Überraschenderweise war Peter selbst am Apparat. Er war erst vor Kurzem aus der Narkose erwacht, klang noch sehr schwach, wollte mir aber unbedingt persönlich mitteilen, dass die Operation gelungen war.
Die Anspannung war so groß gewesen, dass es einige Zeit dauerte, bis wir uns richtig freuen konnten. Wir hatten Glück gehabt, der Professor hatte sich tatsächlich als ein Spezialist erwiesen und für seine perfekte Arbeit waren wir ihm unendlich dankbar.
An dieser Stelle gilt unser Dank ebenfalls unserer damaligen Hausärztin für ihre sorgfältigen Recherchen.
Bei meinem ersten Besuch im Krankenhaus am darauffolgenden Tag wurde mir schlagartig meine Unbedarftheit in diesem medizinischen Fachgebiet vor Augen geführt. Peters kompletter Rumpf war umwickelt, Mull-Stretch fixierte den Druckverband vom Brustbein bis zu den Lenden. Neugierig, wie ich bin, sah ich beim Verbandswechsel zu. Der Schnitt war über fünfzig Zentimeter lang und bildete um den Bauchnabel herum einen exakt gezogenen Halbmond. Ich fragte den Arzt, warum mein Mann von oben bis unten aufgeschnitten worden sei. Der lächelte mich mitleidig an, oder war das nur Einbildung? Ich kam mir mit einem Male so dumm vor, ließ aber nicht locker und erfuhr auf gezielte Nachfrage hin die grundsätzliche Vorgehensweise dieses Eingriffs: Um überhaupt erst einmal an die Operationsstelle zu gelangen, musste zunächst die komplette Bauchdecke aufgeschnitten und auseinandergeklappt werden, anschließend die inneren Organe beiseitegeschoben und in dieser Position mit Klammern gehalten werden. Danach war noch der Darm im Wege, der größere Teil davon musste für einige Stunden außerhalb des Körpers gelagert werden.

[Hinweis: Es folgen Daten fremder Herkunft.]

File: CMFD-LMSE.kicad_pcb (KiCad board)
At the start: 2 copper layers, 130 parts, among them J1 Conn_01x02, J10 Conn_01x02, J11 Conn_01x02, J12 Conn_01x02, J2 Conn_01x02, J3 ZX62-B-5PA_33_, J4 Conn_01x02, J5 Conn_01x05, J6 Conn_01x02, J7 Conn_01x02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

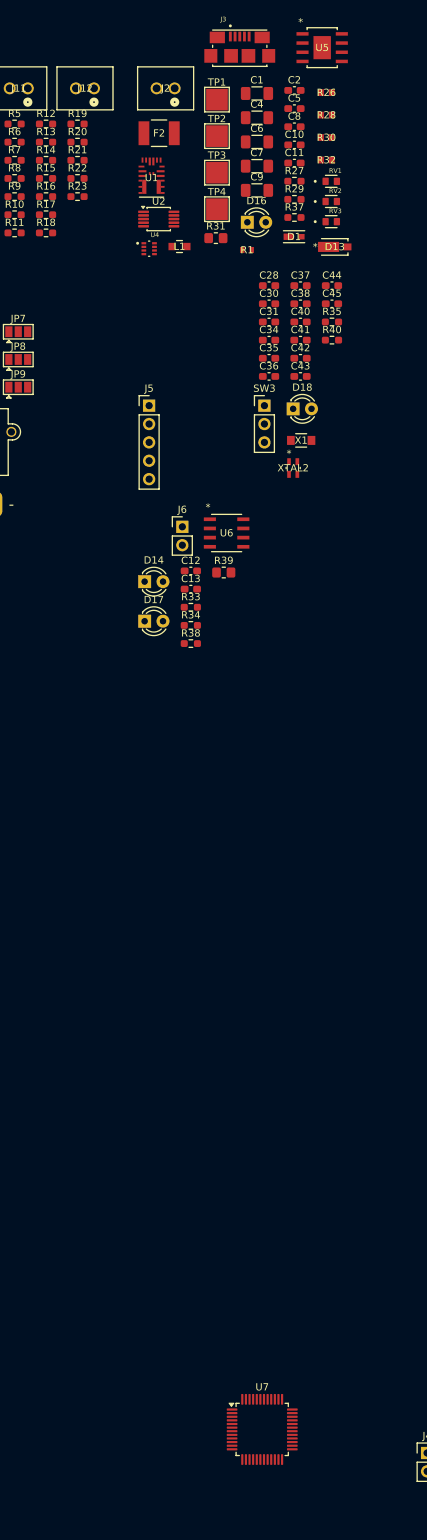
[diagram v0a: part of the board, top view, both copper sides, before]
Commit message: バイパスコンデンサ37~41
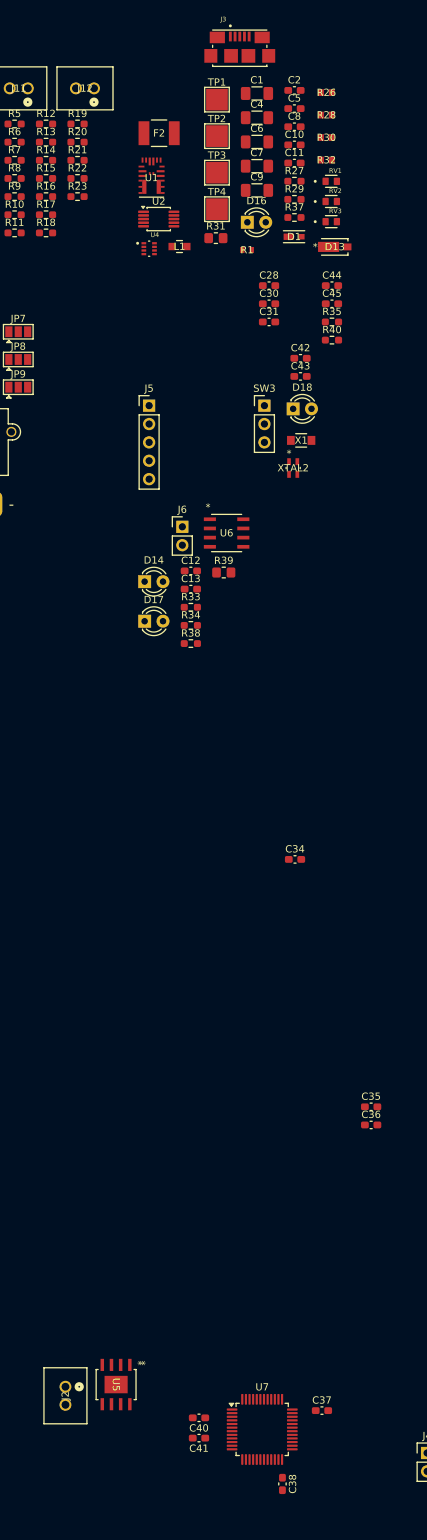
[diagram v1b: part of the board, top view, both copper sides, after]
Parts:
- moved U5 187.0 mm to (67.2, 99.6), turned to -90 degrees
- moved J2 180.1 mm to (60.2, 99.9), turned to 90 degrees
- moved C38 163.2 mm to (90.2, 113.3), turned to -90 degrees
- moved C37 155.6 mm to (95.7, 103.2)
- moved C41 152.4 mm to (78.7, 107.0), turned to 180 degrees
- moved C40 152.2 mm to (78.7, 104.2), turned to 180 degrees
- moved C35 104.4 mm to (102.5, 61.2)
- moved C36 104.4 mm to (102.5, 63.7)
- moved C34 71.9 mm to (91.9, 27.0)

Peter lächelte mich an. Er hatte genau gewusst, worauf er sich einließ, mich aber mit diesen Details nicht beunruhigen wollen.
Ich hielt mich am Fenstersims fest, starrte hinaus und fühlte Übelkeit in mir aufsteigen. Aber ein anderes Gefühl war stärker als der Würgereiz: Der Ärger angesichts meiner Naivität. Wie konnte ich derart uninformiert in so eine wichtige Angelegenheit stolpern! Niemals wieder wollte ich mich so einfältig fühlen wie in diesem Augenblick. In Zukunft würde ich mich besser informieren und eingehend mit allen bevorstehenden Entscheidungen beschäftigen.
Doch zurück zum Zustand des Patienten. Der war laut Aussage der Ärzte den Umständen entsprechend gut. Die Computertomographie (kurz CT genannt), eine Röntgenuntersuchung, bei der Gefäße dargestellt werden, die implantierte Metallteile enthalten, belegte einen tadellosen Sitz der Prothese.